Legume–grass mixtures improve biological nitrogen fixation and nitrogen
The results showed that mixing significantly promoted legume nodulation, optimized the configuration of the root system, increased aboveground dry matter, and enhanced nitrogen fixation in different ecological regions.
Enhancing Rhizobium–Legume Symbiosis and Reducing Nitrogen
The symbiotic relationship between Rhizobium bacteria and leguminous plants plays a vital role in sustainable agriculture by facilitating access to atmospheric nitrogen, improving soil fertility, and reducing the need for chemical fertilizers.
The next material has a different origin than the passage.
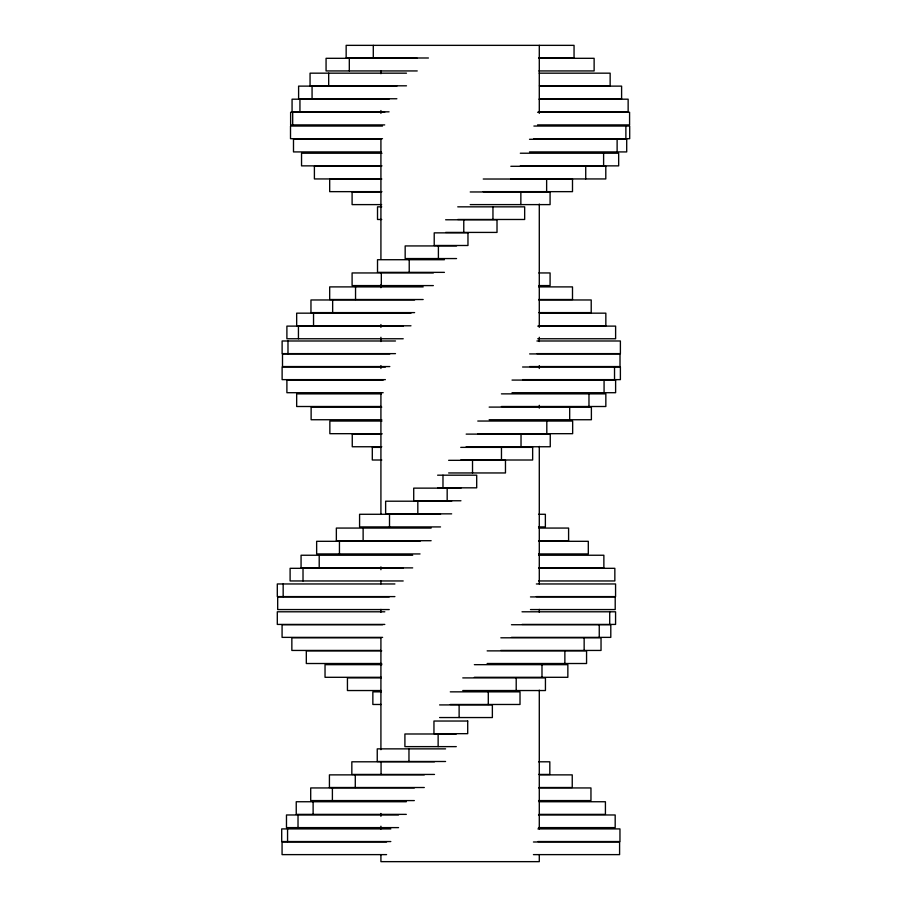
<?xml version="1.0" encoding="UTF-8"?>
<svg xmlns="http://www.w3.org/2000/svg" width="907" height="907" viewBox="0 0 907 907"><rect width="100%" height="100%" fill="white"/><g stroke="black" fill="none" stroke-linecap="round" stroke-linejoin="round"><path stroke-width="1.36" d="M428.421 57.991L346.157 57.991L346.157 45.35L574.052 45.35L574.052 57.991L538.701 57.991M417.231 58.309L326.067 58.309L326.067 70.939L417.231 70.939M538.939 58.309L594.13 58.309L594.13 70.939L538.939 70.939M406.483 73.172L310.058 73.172L310.058 85.814L406.483 85.814M539.189 73.172L610.15 73.172L610.15 85.814L539.427 85.814M396.869 86.12L298.607 86.12L298.607 98.761L396.869 98.761M539.62 86.12L621.601 86.12L621.601 98.761L539.62 98.761M389.069 99.192L292.065 99.192L292.065 111.833L389.069 111.833M539.019 99.192L628.143 99.192L628.143 111.833L539.019 111.833M384.693 112.264L290.625 112.264L290.625 124.905L384.693 124.905M537.568 112.264L629.583 112.264L629.583 124.905L537.568 124.905M382.493 126.05L290.512 126.05L290.512 138.692L382.493 138.692M533.894 126.05L629.696 126.05L629.696 138.692L533.894 138.692M381.11 139.293L293.494 139.293L293.494 151.923L381.11 151.923M529.507 139.293L626.703 139.293L626.703 151.923L529.507 151.923M381.994 153.226L301.543 153.226L301.543 165.868L381.994 165.868M520.323 153.226L618.665 153.226L618.665 165.868L520.323 165.868M380.815 166.298L314.4 166.298L314.4 178.94L380.815 178.94M510.834 166.298L605.797 166.298L605.797 178.94L510.834 178.94M381.813 179.019L329.683 179.019L329.683 191.649L381.813 191.649M483.238 179.019L572.498 179.019L572.498 191.649L483.238 191.649M381.632 191.967L352.097 191.967L352.097 204.608L381.632 204.608M470.223 191.967L550.084 191.967L550.084 204.608L470.223 204.608M381.734 206.841L377.516 206.841L377.516 219.483L381.734 219.483M457.752 206.841L524.665 206.841L524.665 219.483L457.752 219.483M445.632 219.777L497.013 219.777L497.013 232.419L445.632 232.419M456.55 245.933L405.168 245.933L405.168 258.563L456.55 258.563M444.419 259.719L377.516 259.719L377.516 272.361L444.419 272.361M433.353 272.95L352.097 272.95L352.097 285.592L433.353 285.592M538.837 272.95L550.084 272.95L550.084 285.592L538.837 285.592M423.161 286.895L329.683 286.895L329.683 299.525L423.161 299.525M538.69 286.895L572.498 286.895L572.498 299.525L538.69 299.525M414.601 299.968L310.965 299.968L310.965 312.609L414.601 312.609M538.939 299.968L591.217 299.968L591.217 312.609L538.939 312.609M410.973 313.164L296.668 313.164L296.668 325.794L410.973 325.794M539.472 313.164L605.842 313.164L605.842 325.794L539.472 325.794M403.218 326.112L286.895 326.112L286.895 338.753L403.218 338.753M537.738 326.112L615.615 326.112L615.615 338.753L537.738 338.753M395.486 340.987L282.122 340.987L282.122 353.628L395.486 353.628M536.933 340.987L620.388 340.987L620.388 353.628L536.933 353.628M389.817 353.923L282.496 353.923L282.496 366.564L389.817 366.564M529.631 353.923L620.014 353.923L620.014 366.564L529.631 366.564M385.384 367.006L282.122 367.006L282.122 379.636L385.384 379.636M522.579 367.006L620.388 367.006L620.388 379.636L522.579 379.636M383.185 380.078L286.895 380.078L286.895 392.708L383.185 392.708M512.036 380.078L615.615 380.078L615.615 392.708L512.036 392.708M381.393 393.865L296.668 393.865L296.668 406.506L381.393 406.506M501.424 393.865L605.842 393.865L605.842 406.506L501.424 406.506M381.768 407.096L311.124 407.096L311.124 419.737L381.768 419.737M489.156 407.096L591.387 407.096L591.387 419.737L489.156 419.737M381.972 421.041L329.853 421.041L329.853 433.682L381.972 433.682M477.774 421.041L572.657 421.041L572.657 433.682L477.774 433.682M381.79 434.113L352.256 434.113L352.256 446.754L381.79 446.754M466.175 434.113L550.254 434.113L550.254 446.754L466.175 446.754M380.725 447.366L372.301 447.366L372.301 460.008L381.79 460.008M460.745 447.366L532.647 447.366L532.647 460.008L460.745 460.008M448.636 460.325L505.471 460.325L505.471 472.955L448.636 472.955M437.616 475.189L476.697 475.189L476.697 487.83L437.616 487.83M460.949 488.136L413.717 488.136L413.717 500.766L460.949 500.766M451.652 501.208L385.634 501.208L385.634 513.85L451.652 513.85M440.519 514.28L359.58 514.28L359.58 526.922L440.519 526.922M538.565 514.28L545.368 514.28L545.368 526.922L538.565 526.922M431.142 528.067L336.35 528.067L336.35 540.708L431.142 540.708M538.837 528.067L568.598 528.067L568.598 540.708L538.837 540.708M420.043 541.309L316.645 541.309L316.645 553.939L420.043 553.939M538.633 541.309L588.303 541.309L588.303 553.939L538.633 553.939M412.685 555.243L301.067 555.243L301.067 567.884L412.685 567.884M538.724 555.243L603.869 555.243L603.869 567.884L538.724 567.884M403.196 568.315L290.104 568.315L290.104 580.956L403.196 580.956M538.656 568.315L614.844 568.315L614.844 580.956L538.656 580.956M394.908 583.961L277.304 583.961L277.304 596.602L394.908 596.602M536.354 583.961L615.57 583.961L615.57 596.602L536.354 596.602M389.239 596.919L277.678 596.919L277.678 609.561L389.239 609.561M530.47 596.919L615.207 596.919L615.207 609.561L530.47 609.561M384.806 611.794L277.304 611.794L277.304 624.424L384.806 624.424M522.013 611.794L615.57 611.794L615.57 624.424L522.013 624.424M382.618 624.73L282.077 624.73L282.077 637.372L382.618 637.372M511.469 624.73L610.796 624.73L610.796 637.372L511.469 637.372M380.815 637.802L291.85 637.802L291.85 650.444L380.815 650.444M500.834 637.802L601.035 637.802L601.035 650.444L500.834 650.444M381.7 650.875L306.317 650.875L306.317 663.516L381.7 663.516M487.161 650.875L586.568 650.875L586.568 663.516L487.161 663.516M381.881 664.672L325.035 664.672L325.035 677.302L381.382 677.302M474.361 664.672L567.85 664.672L567.85 677.302L474.361 677.302M381.189 677.903L347.438 677.903L347.438 690.544L381.189 690.544M462.763 677.903L545.436 677.903L545.436 690.544L462.763 690.544M381.303 691.848L372.856 691.848L372.856 704.478L381.303 704.478M450.291 691.848L520.017 691.848L520.017 704.478L450.291 704.478M439.589 704.92L492.365 704.92L492.365 717.55L439.589 717.55M456.289 733.99L404.907 733.99L404.907 746.631L456.289 746.631M445.575 748.865L377.244 748.865L377.244 761.495L445.575 761.495M434.498 761.801L351.837 761.801L351.837 774.442L434.498 774.442M538.577 761.801L549.823 761.801L549.823 774.442L538.577 774.442M424.306 774.873L329.422 774.873L329.422 787.514L424.306 787.514M539.835 774.873L572.238 774.873L572.238 787.514L539.336 787.514M414.34 787.945L310.704 787.945L310.704 800.586L414.34 800.586M538.679 787.945L590.956 787.945L590.956 800.586L538.679 800.586M406.313 801.743L296.238 801.743L296.238 814.373L406.313 814.373M539.053 801.743L605.423 801.743L605.423 814.373L539.053 814.373M398.547 814.974L286.476 814.974L286.476 827.615L398.547 827.615M538.509 814.974L615.184 814.974L615.184 827.615L538.509 827.615M390.815 828.907L281.703 828.907L281.703 841.549L390.815 841.549M537.919 828.907L619.957 828.907L619.957 841.549L537.919 841.549M386.575 841.991L282.066 841.991L282.066 854.621L386.575 854.621M533.441 841.991L619.594 841.991L619.594 854.621L533.441 854.621M625.875 126.05L625.875 138.692M617.123 139.293L617.123 151.923M614.527 367.006L614.527 379.636M609.708 611.794L609.708 624.424M604.073 380.078L604.073 392.708M603.609 153.226L603.609 165.868M599.255 624.73L599.255 637.372M588.972 393.865L588.972 406.506M585.729 166.298L585.729 178.94M584.153 637.802L584.153 650.444M569.687 407.096L569.687 419.737M564.868 650.875L564.868 663.516M546.808 421.041L546.808 433.682M546.638 179.019L546.638 191.649M541.989 664.672L541.989 677.302M539.291 45.35L539.291 113.375M539.291 204.075L539.291 327.37M539.291 337.291L539.291 341.542M539.291 365.634L539.291 368.469M539.291 405.316L539.291 408.15M539.291 446.414L539.291 583.881M539.291 609.391L539.291 612.225M539.291 690.17L539.291 829.055M539.291 854.564L539.291 861.65L380.917 861.65L380.917 854.564M521.026 434.113L521.026 446.754M520.856 191.967L520.856 204.608M516.208 677.903L516.208 690.544M501.469 447.366L501.469 460.008M492.955 206.841L492.955 219.483M488.295 691.848L488.295 704.478M472.524 460.325L472.524 472.955M463.772 219.777L463.772 232.419M459.123 704.92L459.123 717.55M447.174 488.136L447.174 500.766M442.979 475.189L442.979 487.83M438.398 245.933L438.398 258.563M438.138 733.99L438.138 746.631M417.821 501.208L417.821 513.85M409.227 259.719L409.227 272.361M408.966 748.865L408.966 761.495M389.511 514.28L389.511 526.922M381.325 272.95L381.325 285.592M381.065 761.801L381.065 774.442M380.917 70.859L380.917 73.694M380.917 110.541L380.917 113.375M380.917 138.884L380.917 259.345M380.917 284.855L380.917 287.689M380.917 324.536L380.917 327.37M380.917 337.291L380.917 341.542M380.917 365.634L380.917 368.469M380.917 392.561L380.917 514.439M380.917 566.875L380.917 569.709M380.917 581.047L380.917 583.881M380.917 609.391L380.917 612.225M380.917 637.734L380.917 749.692M380.917 813.466L380.917 816.3M380.917 826.22L380.917 829.055M373.287 45.35L373.287 57.991M363.129 528.067L363.129 540.708M355.544 286.895L355.544 299.525M355.283 774.873L355.283 787.514M349.308 58.309L349.308 70.939M339.445 541.309L339.445 553.939M332.654 299.968L332.654 312.609M332.393 787.945L332.393 800.586M328.685 73.172L328.685 85.814M319.207 555.243L319.207 567.884M313.539 313.164L313.539 325.794M313.119 801.743L313.119 814.373M312.065 86.12L312.065 98.761M303.017 568.315L303.017 580.956M299.945 99.192L299.945 111.833M298.437 326.112L298.437 338.753M298.018 814.974L298.018 827.615M292.689 112.264L292.689 124.905M287.984 340.987L287.984 353.628M287.564 828.907L287.564 841.549M283.165 583.961L283.165 596.602M467.967 232.861L434.215 232.861L434.215 245.491L467.967 245.491L467.967 232.861M467.706 721.031L433.954 721.031L433.954 733.672L467.706 733.672L467.706 721.031"/></g></svg>

Leguminous plants, especially widely cultivated species such as soybeans, mung beans, and broad beans, have a high demand for nitrogen fertilizers. Applying nitrogen fertilizer is one of the key measures to enhance their yield and quality. Below is a detailed guide on how to effectively apply nitrogen fertilizer to leguminous plants:
1. Understanding Nitrogen Requirements
First, it is essential to recognize that leguminous plants have varying nitrogen needs at different growth stages. For instance, during the flowering and pod-setting stages, their demand for nitrogen peaks. Supplementing nitrogen at this stage can promote plant growth and increase fruit and seed yields. In contrast, during the germination and seedling stages, nitrogen requirements are relatively lower. the amount and frequency of nitrogen application should be adjusted according to the plant’s growth phase.
2. Selecting the Right Type of Nitrogen Fertilizer
Nitrogen fertilizers come in various forms, including urea, ammonium nitrate, ammonium sulfate, and ammonium chloride. Each type differs in efficacy, solubility, retention, and cost. When choosing a nitrogen fertilizer, consider the specific needs of the leguminous plant and soil conditions. For example, urea is a common option due to its fast-acting properties and ease of absorption by plants, making it suitable for rapid yield increases. Ammonium chloride, works better in acidic soils, as it helps maintain soil pH balance.
3. Application Methods
The method of applying nitrogen fertilizer also impacts its effectiveness. Common approaches include:
- Basal Fertilization: Spread nitrogen fertilizer evenly over the soil surface and incorporate it into the soil. This method is ideal for long-term or continuous fertilization.
- Topdressing: Apply nitrogen directly near the root zone during critical growth stages, such as flowering and pod-setting. This reduces waste and improves nitrogen uptake efficiency.
- Foliar Spraying: For nitrogen-demanding leguminous varieties, apply liquid nitrogen fertilizer directly to the leaves during rapid growth phases. While convenient, avoid overapplication to prevent fertilizer burn.
4. Timing of Fertilization
Fertilization timing significantly affects outcomes. Generally, applying nitrogen in the morning or evening yields better results, as plants absorb nutrients more efficiently during active growth periods. Additionally, irrigate adequately after fertilization to help dissolve and absorb the nitrogen.
5. Key Considerations
When applying nitrogen fertilizer, keep the following in mind:
- Avoid excessive use, which can lead to nitrogen surplus, causing issues like excessive vegetative growth and reduced disease resistance.
- Coordinate with other nutrients (e.g., phosphorus and potassium) to achieve balanced fertilization.
- Adjust strategies based on soil conditions and climate. For example, in dry regions, increase nitrogen application slightly.
optimizing nitrogen fertilization for leguminous plants requires综合考虑plant growth stages, soil conditions, climate, and fertilizer type/methods. With scientific management, nitrogen application can significantly boost yields and quality, delivering greater economic benefits to agricultural production.